"High resolution prediction and explanation of groundwater depletion across India" - by CWP alum Meir Alkon

March 22, 2024

Food production in much of the world relies on groundwater resources. In many regions, groundwater levels are declining due to a combination of anthropogenic extraction, localized meteorological and geological characteristics, and climate change. Groundwater in India is characteristic of this global trend, with an agricultural sector that is highly dependent on groundwater and increasingly threatened by extraction far in excess of recharge. The complexity of inputs makes groundwater depletion highly heterogeneous across space and time. However, modeling this heterogeneity has thus far proven difficult. Using two ensemble tree-based regression models, we predict district level seasonal groundwater dynamics to an accuracy of R$^2$ = 0.4-0.6 and Pearson correlations between 0.6 and 0.8. Further using two high-resolution feature importance methods, we demonstrate that atmospheric humidity, groundwater irrigation, and crop cultivation are the most important predictors of seasonal groundwater dynamics at the district level in India. We further demonstrate a shift in the predictors of groundwater depletion over 1998-2014 that is robustly found between the two feature importance methods, namely increasing importance of deep-well irrigation in Central and Eastern India. These areas coincide with districts where groundwater depletion is most severe. Further analysis shows decreases in crop yields per unit of irrigation over those regions, suggesting decreasing marginal returns for largely increasing quantities of groundwater irrigation used. This analysis demonstrates the public policy value of machine learning models for providing high spatiotemporal accuracy in predicting groundwater depletion, while also highlighting how anthropogenic activity impacts groundwater in India, with consequent implications for productivity and well-being.

Meir Alkon1, Yaoping Wang2, Matthew Harrington3, Claudia Shi3, Ryan Kennedy4, Johannes Urpelainen5, Jacob Kopas6 and Xiaogang He7

https://iopscience.iop.org/article/10.1088/1748-9326/ad34e5


Meir is an Assistant Professor at Fordham University and a former Harvard Environmental Fellow at the Department of Government and the Harvard University Center for the Environment.
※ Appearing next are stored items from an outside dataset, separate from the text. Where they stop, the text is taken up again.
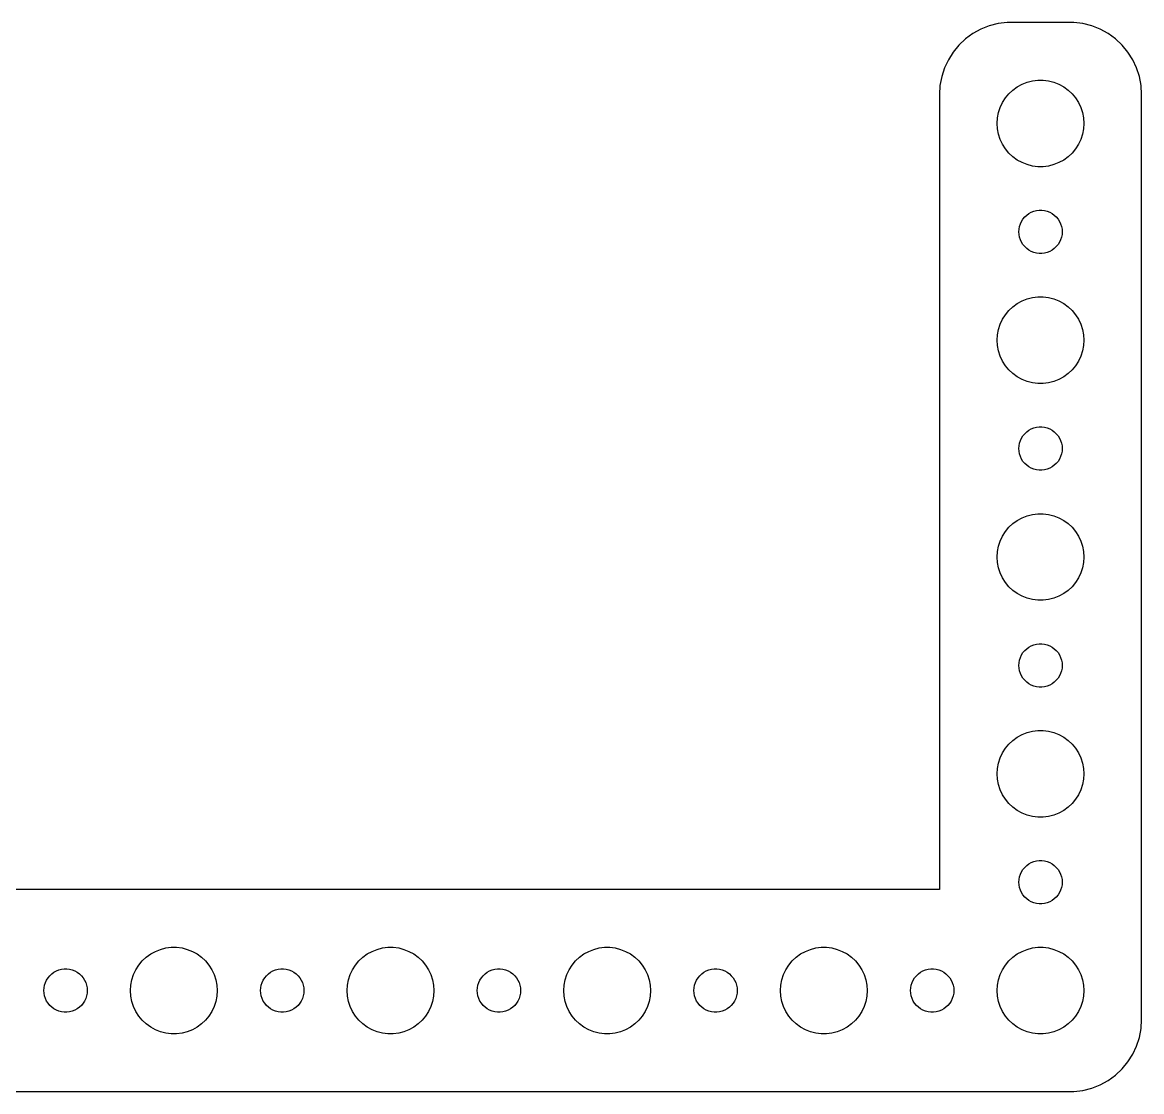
# Model space of a CAD drawing. Header units: metres. Extents: x -74 to 74, y -37 to 37.
# Drawn here: x -3 to 74.5, y -37 to 37 of the extents above; entities that cross this region are included whole.
import ezdxf

# ---------------------------------------------------------------- set-up
doc = ezdxf.new("R2010")
doc.units = ezdxf.units.M

msp = doc.modelspace()

# ---------------------------------------------------------------- linework, layer by layer
for p, q in [((63.3711, 36.5241), (62.8209, 36.2216)), ((63.9549, 36.7553), (63.3711, 36.5241)), ((64.5631, 36.9114), (63.9549, 36.7553)), ((65.1861, 36.9901), (64.5631, 36.9114)), ((69.8139, 36.9901), (65.1861, 36.9901)), ((70.4369, 36.9114), (69.8139, 36.9901)), ((71.0451, 36.7553), (70.4369, 36.9114)), ((71.6289, 36.5241), (71.0451, 36.7553)), ((72.1791, 36.2216), (71.6289, 36.5241)), ((62.3129, 35.8526), (61.8551, 35.4227)), ((62.8209, 36.2216), (62.3129, 35.8526)), ((72.6871, 35.8526), (72.1791, 36.2216)), ((73.1448, 35.4227), (72.6871, 35.8526)), ((61.4549, 34.9389), (61.1185, 34.4088)), ((61.8551, 35.4227), (61.4549, 34.9389)), ((73.5451, 34.9389), (73.1448, 35.4227)), ((73.8815, 34.4088), (73.5451, 34.9389)), ((61.1185, 34.4088), (60.8511, 33.8406)), ((74.1489, 33.8406), (73.8815, 34.4088)), ((60.8511, 33.8406), (60.6571, 33.2434)), ((74.3429, 33.2434), (74.1489, 33.8406)), ((60.5394, 32.6267), (60.5, 32)), ((60.6571, 33.2434), (60.5394, 32.6267)), ((65.8925, 32.533), (66.2227, 32.7145)), ((66.2227, 32.7145), (66.573, 32.8532)), ((66.573, 32.8532), (66.9379, 32.9469)), ((66.9379, 32.9469), (67.3116, 32.9941)), ((67.3116, 32.9941), (67.6884, 32.9941)), ((67.6884, 32.9941), (68.0621, 32.9469)), ((68.0621, 32.9469), (68.427, 32.8532)), ((68.427, 32.8532), (68.7773, 32.7145)), ((68.7773, 32.7145), (69.1075, 32.533)), ((74.4606, 32.6267), (74.3429, 33.2434)), ((74.5, 32), (74.4606, 32.6267)), ((60.5, 32), (60.5, -23.0099)), ((65.073, 31.7634), (65.3131, 32.0536)), ((65.3131, 32.0536), (65.5877, 32.3115)), ((65.5877, 32.3115), (65.8925, 32.533)), ((69.1075, 32.533), (69.4123, 32.3115)), ((69.4123, 32.3115), (69.6869, 32.0536)), ((69.6869, 32.0536), (69.927, 31.7634)), ((74.5, -32), (74.5, 32)), ((64.5943, 30.7461), (64.7107, 31.1044)), ((64.7107, 31.1044), (64.8711, 31.4453)), ((64.8711, 31.4453), (65.073, 31.7634)), ((69.927, 31.7634), (70.1289, 31.4453)), ((70.1289, 31.4453), (70.2893, 31.1044)), ((70.2893, 31.1044), (70.4057, 30.7461)), ((64.5, 30), (64.5237, 30.376)), ((64.5237, 30.376), (64.5943, 30.7461)), ((70.4057, 30.7461), (70.4763, 30.376)), ((70.4763, 30.376), (70.5, 30)), ((64.5237, 29.624), (64.5, 30)), ((64.5943, 29.2539), (64.5237, 29.624)), ((70.4763, 29.624), (70.4057, 29.2539)), ((70.5, 30), (70.4763, 29.624)), ((64.7107, 28.8956), (64.5943, 29.2539)), ((64.8711, 28.5547), (64.7107, 28.8956)), ((70.2893, 28.8956), (70.1289, 28.5547)), ((70.4057, 29.2539), (70.2893, 28.8956)), ((65.073, 28.2366), (64.8711, 28.5547)), ((65.3131, 27.9464), (65.073, 28.2366)), ((65.5877, 27.6884), (65.3131, 27.9464)), ((69.6869, 27.9464), (69.4123, 27.6884)), ((69.927, 28.2366), (69.6869, 27.9464)), ((70.1289, 28.5547), (69.927, 28.2366)), ((65.8925, 27.467), (65.5877, 27.6884)), ((66.2227, 27.2855), (65.8925, 27.467)), ((66.573, 27.1468), (66.2227, 27.2855)), ((66.9379, 27.0531), (66.573, 27.1468)), ((68.427, 27.1468), (68.0621, 27.0531)), ((68.7773, 27.2855), (68.427, 27.1468)), ((69.1075, 27.467), (68.7773, 27.2855)), ((69.4123, 27.6884), (69.1075, 27.467)), ((67.3116, 27.0059), (66.9379, 27.0531)), ((67.6884, 27.0059), (67.3116, 27.0059)), ((68.0621, 27.0531), (67.6884, 27.0059)), ((66.1855, 23.2226), (66.2865, 23.3817)), ((66.2865, 23.3817), (66.4065, 23.5268)), ((66.4065, 23.5268), (66.5439, 23.6558)), ((66.5439, 23.6558), (66.6963, 23.7665)), ((66.6963, 23.7665), (66.8613, 23.8572)), ((66.8613, 23.8572), (67.0365, 23.9266)), ((67.0365, 23.9266), (67.2189, 23.9734)), ((67.2189, 23.9734), (67.4058, 23.997)), ((67.4058, 23.997), (67.5942, 23.997)), ((67.5942, 23.997), (67.7811, 23.9734)), ((67.7811, 23.9734), (67.9635, 23.9266)), ((67.9635, 23.9266), (68.1387, 23.8572)), ((68.1387, 23.8572), (68.3037, 23.7665)), ((68.3037, 23.7665), (68.4561, 23.6558)), ((68.4561, 23.6558), (68.5934, 23.5268)), ((68.5934, 23.5268), (68.7135, 23.3817)), ((68.7135, 23.3817), (68.8145, 23.2226)), ((66, 22.5), (66.0118, 22.688)), ((66.0118, 22.312), (66, 22.5)), ((66.0118, 22.688), (66.0471, 22.873)), ((66.0471, 22.873), (66.1053, 23.0522)), ((66.1053, 23.0522), (66.1855, 23.2226)), ((68.8145, 23.2226), (68.8947, 23.0522)), ((68.8947, 23.0522), (68.9529, 22.873)), ((68.9529, 22.873), (68.9882, 22.688)), ((68.9882, 22.688), (69, 22.5)), ((69, 22.5), (68.9882, 22.312)), ((66.0471, 22.127), (66.0118, 22.312)), ((66.1053, 21.9478), (66.0471, 22.127)), ((66.1855, 21.7774), (66.1053, 21.9478)), ((66.2865, 21.6183), (66.1855, 21.7774)), ((68.8145, 21.7774), (68.7135, 21.6183)), ((68.8947, 21.9478), (68.8145, 21.7774)), ((68.9529, 22.127), (68.8947, 21.9478)), ((68.9882, 22.312), (68.9529, 22.127)), ((66.4065, 21.4732), (66.2865, 21.6183)), ((66.5439, 21.3442), (66.4065, 21.4732)), ((66.6963, 21.2335), (66.5439, 21.3442)), ((66.8613, 21.1427), (66.6963, 21.2335)), ((67.0365, 21.0734), (66.8613, 21.1427)), ((67.2189, 21.0266), (67.0365, 21.0734)), ((67.4058, 21.003), (67.2189, 21.0266)), ((67.5942, 21.003), (67.4058, 21.003)), ((67.7811, 21.0266), (67.5942, 21.003)), ((67.9635, 21.0734), (67.7811, 21.0266)), ((68.1387, 21.1427), (67.9635, 21.0734)), ((68.3037, 21.2335), (68.1387, 21.1427)), ((68.4561, 21.3442), (68.3037, 21.2335)), ((68.5934, 21.4732), (68.4561, 21.3442)), ((68.7135, 21.6183), (68.5934, 21.4732)), ((66.2227, 17.7145), (66.573, 17.8532)), ((66.573, 17.8532), (66.9379, 17.9469)), ((66.9379, 17.9469), (67.3116, 17.9941)), ((67.3116, 17.9941), (67.6884, 17.9941)), ((67.6884, 17.9941), (68.0621, 17.9469)), ((68.0621, 17.9469), (68.427, 17.8532)), ((68.427, 17.8532), (68.7773, 17.7145)), ((65.073, 16.7634), (65.3131, 17.0536)), ((65.3131, 17.0536), (65.5877, 17.3115)), ((65.5877, 17.3115), (65.8925, 17.533)), ((65.8925, 17.533), (66.2227, 17.7145)), ((68.7773, 17.7145), (69.1075, 17.533)), ((69.1075, 17.533), (69.4123, 17.3115)), ((69.4123, 17.3115), (69.6869, 17.0536)), ((69.6869, 17.0536), (69.927, 16.7634)), ((64.7107, 16.1044), (64.8711, 16.4453)), ((64.8711, 16.4453), (65.073, 16.7634)), ((69.927, 16.7634), (70.1289, 16.4453)), ((70.1289, 16.4453), (70.2893, 16.1044)), ((64.5237, 15.376), (64.5943, 15.7461)), ((64.5943, 15.7461), (64.7107, 16.1044)), ((70.2893, 16.1044), (70.4057, 15.7461)), ((70.4057, 15.7461), (70.4763, 15.376)), ((64.5, 15), (64.5237, 15.376)), ((64.5237, 14.624), (64.5, 15)), ((70.4763, 15.376), (70.5, 15)), ((70.5, 15), (70.4763, 14.624)), ((64.5943, 14.2539), (64.5237, 14.624)), ((64.7107, 13.8956), (64.5943, 14.2539)), ((70.4057, 14.2539), (70.2893, 13.8956)), ((70.4763, 14.624), (70.4057, 14.2539)), ((64.8711, 13.5547), (64.7107, 13.8956)), ((65.073, 13.2366), (64.8711, 13.5547)), ((65.3131, 12.9464), (65.073, 13.2366)), ((69.927, 13.2366), (69.6869, 12.9464)), ((70.1289, 13.5547), (69.927, 13.2366)), ((70.2893, 13.8956), (70.1289, 13.5547)), ((65.5877, 12.6884), (65.3131, 12.9464)), ((65.8925, 12.467), (65.5877, 12.6884)), ((66.2227, 12.2855), (65.8925, 12.467)), ((69.1075, 12.467), (68.7773, 12.2855)), ((69.4123, 12.6884), (69.1075, 12.467)), ((69.6869, 12.9464), (69.4123, 12.6884)), ((66.573, 12.1468), (66.2227, 12.2855)), ((66.9379, 12.0531), (66.573, 12.1468)), ((67.3116, 12.0059), (66.9379, 12.0531)), ((67.6884, 12.0059), (67.3116, 12.0059)), ((68.0621, 12.0531), (67.6884, 12.0059)), ((68.427, 12.1468), (68.0621, 12.0531)), ((68.7773, 12.2855), (68.427, 12.1468)), ((66.2865, 8.38167), (66.4065, 8.52681)), ((66.4065, 8.52681), (66.5439, 8.65576)), ((66.5439, 8.65576), (66.6963, 8.76648)), ((66.6963, 8.76648), (66.8613, 8.85724)), ((66.8613, 8.85724), (67.0365, 8.92657)), ((67.0365, 8.92657), (67.2189, 8.97342)), ((67.2189, 8.97342), (67.4058, 8.99704)), ((67.4058, 8.99704), (67.5942, 8.99704)), ((67.5942, 8.99704), (67.7811, 8.97342)), ((67.7811, 8.97342), (67.9635, 8.92657)), ((67.9635, 8.92657), (68.1387, 8.85724)), ((68.1387, 8.85724), (68.3037, 8.76648)), ((68.3037, 8.76648), (68.4561, 8.65576)), ((68.4561, 8.65576), (68.5934, 8.52681)), ((68.5934, 8.52681), (68.7135, 8.38167)), ((66.0118, 7.68799), (66.0471, 7.87303)), ((66.0471, 7.87303), (66.1053, 8.05219)), ((66.1053, 8.05219), (66.1855, 8.22263)), ((66.1855, 8.22263), (66.2865, 8.38167)), ((68.7135, 8.38167), (68.8145, 8.22263)), ((68.8145, 8.22263), (68.8947, 8.05219)), ((68.8947, 8.05219), (68.9529, 7.87303)), ((68.9529, 7.87303), (68.9882, 7.68799)), ((66, 7.5), (66.0118, 7.68799)), ((66.0118, 7.312), (66, 7.5)), ((66.0471, 7.12695), (66.0118, 7.312)), ((66.1053, 6.9478), (66.0471, 7.12695)), ((68.9529, 7.12695), (68.8947, 6.9478)), ((68.9882, 7.312), (68.9529, 7.12695)), ((68.9882, 7.68799), (69, 7.5)), ((69, 7.5), (68.9882, 7.312)), ((66.1855, 6.77736), (66.1053, 6.9478)), ((66.2865, 6.61832), (66.1855, 6.77736)), ((66.4065, 6.47318), (66.2865, 6.61832)), ((66.5439, 6.34422), (66.4065, 6.47318)), ((66.6963, 6.23351), (66.5439, 6.34422)), ((66.8613, 6.14275), (66.6963, 6.23351)), ((68.3037, 6.23351), (68.1387, 6.14275)), ((68.4561, 6.34422), (68.3037, 6.23351)), ((68.5934, 6.47318), (68.4561, 6.34422)), ((68.7135, 6.61832), (68.5934, 6.47318)), ((68.8145, 6.77736), (68.7135, 6.61832)), ((68.8947, 6.9478), (68.8145, 6.77736)), ((67.0365, 6.07341), (66.8613, 6.14275)), ((67.2189, 6.02657), (67.0365, 6.07341)), ((67.4058, 6.00294), (67.2189, 6.02657)), ((67.5942, 6.00294), (67.4058, 6.00294)), ((67.7811, 6.02657), (67.5942, 6.00294)), ((67.9635, 6.07341), (67.7811, 6.02657)), ((68.1387, 6.14275), (67.9635, 6.07341)), ((65.5877, 2.31154), (65.8925, 2.53297)), ((65.8925, 2.53297), (66.2227, 2.71448)), ((66.2227, 2.71448), (66.573, 2.85316)), ((66.573, 2.85316), (66.9379, 2.94685)), ((66.9379, 2.94685), (67.3116, 2.99408)), ((67.3116, 2.99408), (67.6884, 2.99408)), ((67.6884, 2.99408), (68.0621, 2.94685)), ((68.0621, 2.94685), (68.427, 2.85316)), ((68.427, 2.85316), (68.7773, 2.71448)), ((68.7773, 2.71448), (69.1075, 2.53297)), ((69.1075, 2.53297), (69.4123, 2.31154)), ((64.8711, 1.44525), (65.073, 1.76335)), ((65.073, 1.76335), (65.3131, 2.05363)), ((65.3131, 2.05363), (65.5877, 2.31154)), ((69.4123, 2.31154), (69.6869, 2.05363)), ((69.6869, 2.05363), (69.927, 1.76335)), ((69.927, 1.76335), (70.1289, 1.44525)), ((64.5943, 0.74606), (64.7107, 1.10437)), ((64.7107, 1.10437), (64.8711, 1.44525)), ((70.1289, 1.44525), (70.2893, 1.10437)), ((70.2893, 1.10437), (70.4057, 0.74606)), ((64.5, 0), (64.5237, 0.37599)), ((64.5237, -0.37599), (64.5, 0)), ((64.5237, 0.37599), (64.5943, 0.74606)), ((70.4057, 0.74606), (70.4763, 0.37599)), ((70.4763, 0.37599), (70.5, 0)), ((70.5, 0), (70.4763, -0.37599)), ((64.5943, -0.74606), (64.5237, -0.37599)), ((64.7107, -1.10437), (64.5943, -0.74606)), ((70.4057, -0.74606), (70.2893, -1.10437)), ((70.4763, -0.37599), (70.4057, -0.74606)), ((64.8711, -1.44525), (64.7107, -1.10437)), ((65.073, -1.76335), (64.8711, -1.44525)), ((70.1289, -1.44525), (69.927, -1.76335)), ((70.2893, -1.10437), (70.1289, -1.44525)), ((65.3131, -2.05363), (65.073, -1.76335)), ((65.5877, -2.31154), (65.3131, -2.05363)), ((65.8925, -2.53297), (65.5877, -2.31154)), ((69.4123, -2.31154), (69.1075, -2.53297)), ((69.6869, -2.05363), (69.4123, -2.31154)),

He is also an associate in research at Harvard’s Fairbank Center and a non-resident fellow at the Global China Initiative at Boston University’s Global Development Policy Center. Meir received his PhD jointly from Princeton’s Department of Politics and School of Public and International Affairs. His research bridges political economy and interdisciplinary approaches to public policy, analyzing the behavioral and institutional foundations of environmental and economic governance.